* _AIM OF THE EXERCISE_: The line holding "doc.styles.add('GENERATED_STYLE_2', font='HelveticaNeue.ttc')" is the last one to output; start at the first line of the data, keep every line in between exactly, and leave out pictures.

* _EXTRACTED INFORMATION_:

= Beginning of Section =

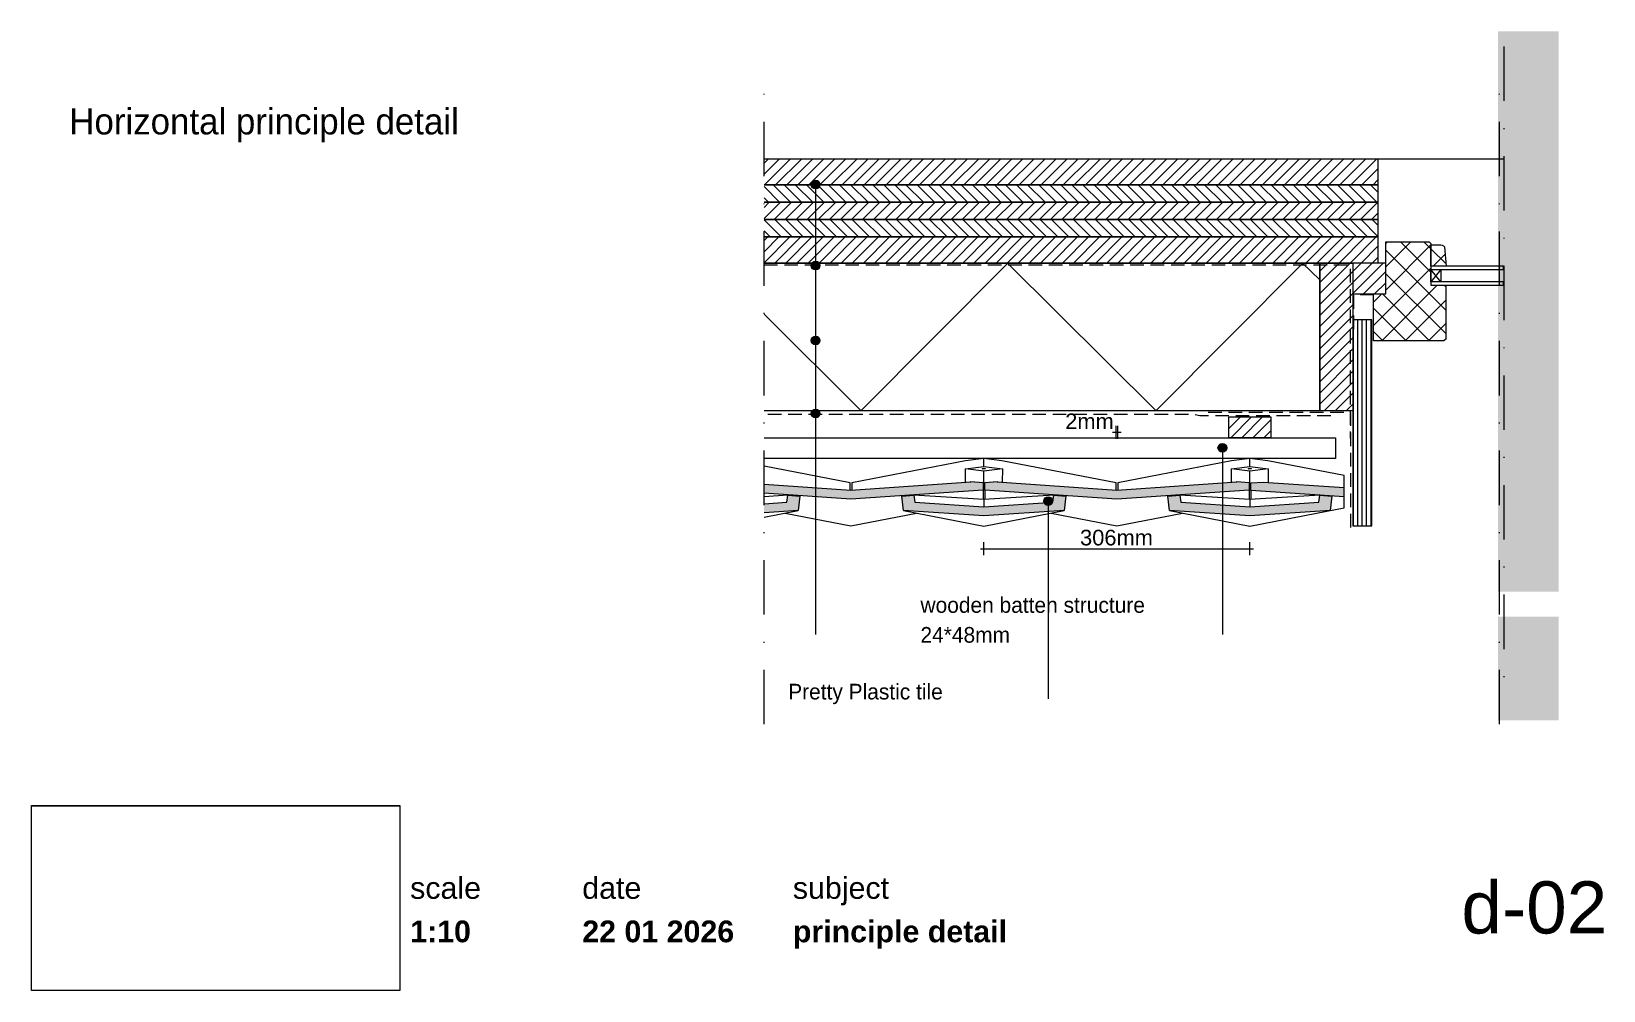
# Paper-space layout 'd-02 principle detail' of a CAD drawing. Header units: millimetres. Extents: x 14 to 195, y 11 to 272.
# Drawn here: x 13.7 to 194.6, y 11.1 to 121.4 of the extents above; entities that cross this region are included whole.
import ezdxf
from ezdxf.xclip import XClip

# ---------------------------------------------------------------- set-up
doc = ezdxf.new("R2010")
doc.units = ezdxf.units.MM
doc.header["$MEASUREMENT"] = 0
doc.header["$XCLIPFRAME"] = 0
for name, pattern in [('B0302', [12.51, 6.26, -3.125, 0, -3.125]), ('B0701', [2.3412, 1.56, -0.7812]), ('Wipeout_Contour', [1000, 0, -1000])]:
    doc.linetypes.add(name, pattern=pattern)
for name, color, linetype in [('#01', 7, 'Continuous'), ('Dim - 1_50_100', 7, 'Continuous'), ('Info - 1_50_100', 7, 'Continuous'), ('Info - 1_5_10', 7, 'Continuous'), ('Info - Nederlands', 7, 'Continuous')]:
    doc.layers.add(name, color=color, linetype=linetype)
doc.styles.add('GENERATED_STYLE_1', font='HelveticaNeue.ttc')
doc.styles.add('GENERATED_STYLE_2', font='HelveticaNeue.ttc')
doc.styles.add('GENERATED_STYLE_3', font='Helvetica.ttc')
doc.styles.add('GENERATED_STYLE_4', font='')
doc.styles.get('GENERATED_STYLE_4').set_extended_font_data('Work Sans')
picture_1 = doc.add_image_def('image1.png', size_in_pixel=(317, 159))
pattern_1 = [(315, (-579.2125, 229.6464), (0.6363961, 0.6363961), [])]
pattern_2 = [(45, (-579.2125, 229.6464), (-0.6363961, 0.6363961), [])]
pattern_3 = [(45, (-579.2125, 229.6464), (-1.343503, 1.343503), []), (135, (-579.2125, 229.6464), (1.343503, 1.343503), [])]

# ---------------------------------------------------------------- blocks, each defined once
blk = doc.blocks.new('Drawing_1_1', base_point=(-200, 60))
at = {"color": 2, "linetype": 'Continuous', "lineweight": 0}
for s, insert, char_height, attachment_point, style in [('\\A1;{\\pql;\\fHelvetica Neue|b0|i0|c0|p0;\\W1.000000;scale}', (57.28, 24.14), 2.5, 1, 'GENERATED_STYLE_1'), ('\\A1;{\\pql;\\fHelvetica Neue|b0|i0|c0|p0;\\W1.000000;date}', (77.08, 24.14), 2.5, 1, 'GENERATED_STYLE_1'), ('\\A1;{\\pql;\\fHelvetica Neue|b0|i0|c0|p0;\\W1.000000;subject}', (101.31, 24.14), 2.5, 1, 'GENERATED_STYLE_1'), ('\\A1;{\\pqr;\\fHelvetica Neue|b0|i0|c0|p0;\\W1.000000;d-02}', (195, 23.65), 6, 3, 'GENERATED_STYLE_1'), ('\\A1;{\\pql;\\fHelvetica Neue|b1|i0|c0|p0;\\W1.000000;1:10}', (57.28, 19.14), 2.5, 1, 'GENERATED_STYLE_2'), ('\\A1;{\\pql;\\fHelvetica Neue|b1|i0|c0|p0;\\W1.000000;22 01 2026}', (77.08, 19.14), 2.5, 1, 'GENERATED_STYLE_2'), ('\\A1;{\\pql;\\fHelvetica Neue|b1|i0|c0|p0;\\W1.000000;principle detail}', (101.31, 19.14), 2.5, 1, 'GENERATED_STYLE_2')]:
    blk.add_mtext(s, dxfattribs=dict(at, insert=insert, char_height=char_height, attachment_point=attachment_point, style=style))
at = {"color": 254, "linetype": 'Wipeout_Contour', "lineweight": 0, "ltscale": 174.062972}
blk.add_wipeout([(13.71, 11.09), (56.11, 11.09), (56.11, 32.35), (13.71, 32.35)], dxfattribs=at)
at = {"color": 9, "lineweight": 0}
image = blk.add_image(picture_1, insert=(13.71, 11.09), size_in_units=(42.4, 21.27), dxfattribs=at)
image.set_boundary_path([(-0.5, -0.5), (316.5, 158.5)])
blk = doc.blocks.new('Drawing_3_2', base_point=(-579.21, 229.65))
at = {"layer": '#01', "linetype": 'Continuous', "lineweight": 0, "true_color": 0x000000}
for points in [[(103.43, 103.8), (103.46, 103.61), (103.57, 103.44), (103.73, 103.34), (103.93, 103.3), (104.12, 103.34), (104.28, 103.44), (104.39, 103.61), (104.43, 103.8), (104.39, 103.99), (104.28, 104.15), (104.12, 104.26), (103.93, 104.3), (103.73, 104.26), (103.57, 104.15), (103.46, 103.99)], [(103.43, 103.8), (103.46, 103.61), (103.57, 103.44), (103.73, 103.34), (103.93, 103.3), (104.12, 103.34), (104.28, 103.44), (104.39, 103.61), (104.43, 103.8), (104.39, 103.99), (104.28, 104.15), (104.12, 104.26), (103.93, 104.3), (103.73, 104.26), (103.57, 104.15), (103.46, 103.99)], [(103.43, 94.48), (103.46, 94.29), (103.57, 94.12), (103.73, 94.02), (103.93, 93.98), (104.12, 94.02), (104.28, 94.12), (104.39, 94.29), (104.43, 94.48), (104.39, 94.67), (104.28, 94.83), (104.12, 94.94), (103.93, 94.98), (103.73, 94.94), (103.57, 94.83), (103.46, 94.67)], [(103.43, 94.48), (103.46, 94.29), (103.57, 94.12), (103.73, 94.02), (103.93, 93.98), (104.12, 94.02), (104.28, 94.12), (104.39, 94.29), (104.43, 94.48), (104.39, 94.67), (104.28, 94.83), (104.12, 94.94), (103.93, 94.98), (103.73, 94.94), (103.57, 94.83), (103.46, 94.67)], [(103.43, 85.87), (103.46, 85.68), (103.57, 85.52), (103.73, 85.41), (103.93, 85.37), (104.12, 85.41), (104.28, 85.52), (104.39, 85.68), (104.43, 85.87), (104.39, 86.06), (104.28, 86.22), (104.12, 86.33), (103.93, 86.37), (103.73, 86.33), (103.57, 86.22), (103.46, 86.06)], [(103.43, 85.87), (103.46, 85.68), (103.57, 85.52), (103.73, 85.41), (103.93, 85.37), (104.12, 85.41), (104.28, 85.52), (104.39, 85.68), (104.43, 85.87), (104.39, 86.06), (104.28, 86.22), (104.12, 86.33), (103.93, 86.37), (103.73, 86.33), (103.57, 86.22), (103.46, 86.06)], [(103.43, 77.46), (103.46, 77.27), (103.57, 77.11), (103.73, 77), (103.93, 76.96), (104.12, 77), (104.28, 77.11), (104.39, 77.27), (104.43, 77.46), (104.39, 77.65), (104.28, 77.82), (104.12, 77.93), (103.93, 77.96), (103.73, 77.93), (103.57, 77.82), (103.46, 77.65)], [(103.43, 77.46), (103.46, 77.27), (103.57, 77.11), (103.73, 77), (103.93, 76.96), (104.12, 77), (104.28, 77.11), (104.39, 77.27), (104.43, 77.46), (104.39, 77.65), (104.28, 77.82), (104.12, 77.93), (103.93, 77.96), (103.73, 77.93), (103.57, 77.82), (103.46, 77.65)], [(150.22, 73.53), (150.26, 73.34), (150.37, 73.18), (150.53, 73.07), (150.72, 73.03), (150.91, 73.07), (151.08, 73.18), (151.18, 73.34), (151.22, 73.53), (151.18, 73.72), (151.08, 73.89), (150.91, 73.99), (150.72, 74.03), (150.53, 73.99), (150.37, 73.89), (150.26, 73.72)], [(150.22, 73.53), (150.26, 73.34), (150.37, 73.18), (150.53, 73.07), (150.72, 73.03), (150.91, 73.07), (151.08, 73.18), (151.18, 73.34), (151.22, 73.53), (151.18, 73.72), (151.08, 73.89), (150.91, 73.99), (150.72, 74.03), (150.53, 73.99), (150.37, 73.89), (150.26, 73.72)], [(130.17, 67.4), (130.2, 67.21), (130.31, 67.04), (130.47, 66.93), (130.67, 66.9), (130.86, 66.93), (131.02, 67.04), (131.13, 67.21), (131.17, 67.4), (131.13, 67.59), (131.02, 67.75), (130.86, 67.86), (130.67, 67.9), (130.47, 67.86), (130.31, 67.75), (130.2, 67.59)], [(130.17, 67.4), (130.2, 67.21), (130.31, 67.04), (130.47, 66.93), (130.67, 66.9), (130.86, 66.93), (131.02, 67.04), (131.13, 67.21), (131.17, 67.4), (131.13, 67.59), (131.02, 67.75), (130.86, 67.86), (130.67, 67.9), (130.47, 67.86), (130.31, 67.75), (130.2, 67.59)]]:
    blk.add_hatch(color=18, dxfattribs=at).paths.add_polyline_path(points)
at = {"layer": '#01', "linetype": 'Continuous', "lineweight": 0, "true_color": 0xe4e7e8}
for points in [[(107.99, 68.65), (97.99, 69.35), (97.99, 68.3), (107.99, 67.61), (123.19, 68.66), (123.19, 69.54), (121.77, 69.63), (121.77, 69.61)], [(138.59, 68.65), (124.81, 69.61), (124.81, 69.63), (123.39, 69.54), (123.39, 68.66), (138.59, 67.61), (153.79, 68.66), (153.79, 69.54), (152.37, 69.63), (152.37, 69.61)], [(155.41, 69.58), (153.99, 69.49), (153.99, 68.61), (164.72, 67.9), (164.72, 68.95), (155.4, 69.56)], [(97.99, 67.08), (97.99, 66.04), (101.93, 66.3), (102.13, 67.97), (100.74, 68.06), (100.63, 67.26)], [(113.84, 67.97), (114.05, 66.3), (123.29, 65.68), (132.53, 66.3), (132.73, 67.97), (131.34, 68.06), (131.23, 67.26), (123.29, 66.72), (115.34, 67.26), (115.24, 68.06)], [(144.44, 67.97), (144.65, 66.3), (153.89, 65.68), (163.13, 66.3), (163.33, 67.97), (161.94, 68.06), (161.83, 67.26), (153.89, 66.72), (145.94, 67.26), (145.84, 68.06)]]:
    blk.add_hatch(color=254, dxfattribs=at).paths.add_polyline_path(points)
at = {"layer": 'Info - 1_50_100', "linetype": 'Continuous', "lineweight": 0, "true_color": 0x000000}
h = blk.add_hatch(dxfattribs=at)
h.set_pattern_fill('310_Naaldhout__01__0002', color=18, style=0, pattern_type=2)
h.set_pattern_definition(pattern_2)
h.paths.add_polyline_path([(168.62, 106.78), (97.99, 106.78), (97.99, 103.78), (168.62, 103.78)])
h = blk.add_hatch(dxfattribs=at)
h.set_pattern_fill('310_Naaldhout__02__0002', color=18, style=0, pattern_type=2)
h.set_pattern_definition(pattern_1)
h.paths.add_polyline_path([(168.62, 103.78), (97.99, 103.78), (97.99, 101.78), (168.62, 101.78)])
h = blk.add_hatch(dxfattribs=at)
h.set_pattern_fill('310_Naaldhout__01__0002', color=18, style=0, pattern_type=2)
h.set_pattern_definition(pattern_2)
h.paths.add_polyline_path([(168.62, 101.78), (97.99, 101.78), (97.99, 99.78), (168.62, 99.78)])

= End of Section =

* _RESPONSE_:
# Paper-space layout 'd-02 principle detail' of a CAD drawing. Header units: millimetres. Extents: x 14 to 195, y 11 to 272.
# Drawn here: x 13.7 to 194.6, y 11.1 to 121.4 of the extents above; entities that cross this region are included whole.
import ezdxf
from ezdxf.xclip import XClip

# ---------------------------------------------------------------- set-up
doc = ezdxf.new("R2010")
doc.units = ezdxf.units.MM
doc.header["$MEASUREMENT"] = 0
doc.header["$XCLIPFRAME"] = 0
for name, pattern in [('B0302', [12.51, 6.26, -3.125, 0, -3.125]), ('B0701', [2.3412, 1.56, -0.7812]), ('Wipeout_Contour', [1000, 0, -1000])]:
    doc.linetypes.add(name, pattern=pattern)
for name, color, linetype in [('#01', 7, 'Continuous'), ('Dim - 1_50_100', 7, 'Continuous'), ('Info - 1_50_100', 7, 'Continuous'), ('Info - 1_5_10', 7, 'Continuous'), ('Info - Nederlands', 7, 'Continuous')]:
    doc.layers.add(name, color=color, linetype=linetype)
doc.styles.add('GENERATED_STYLE_1', font='HelveticaNeue.ttc')
doc.styles.add('GENERATED_STYLE_2', font='HelveticaNeue.ttc')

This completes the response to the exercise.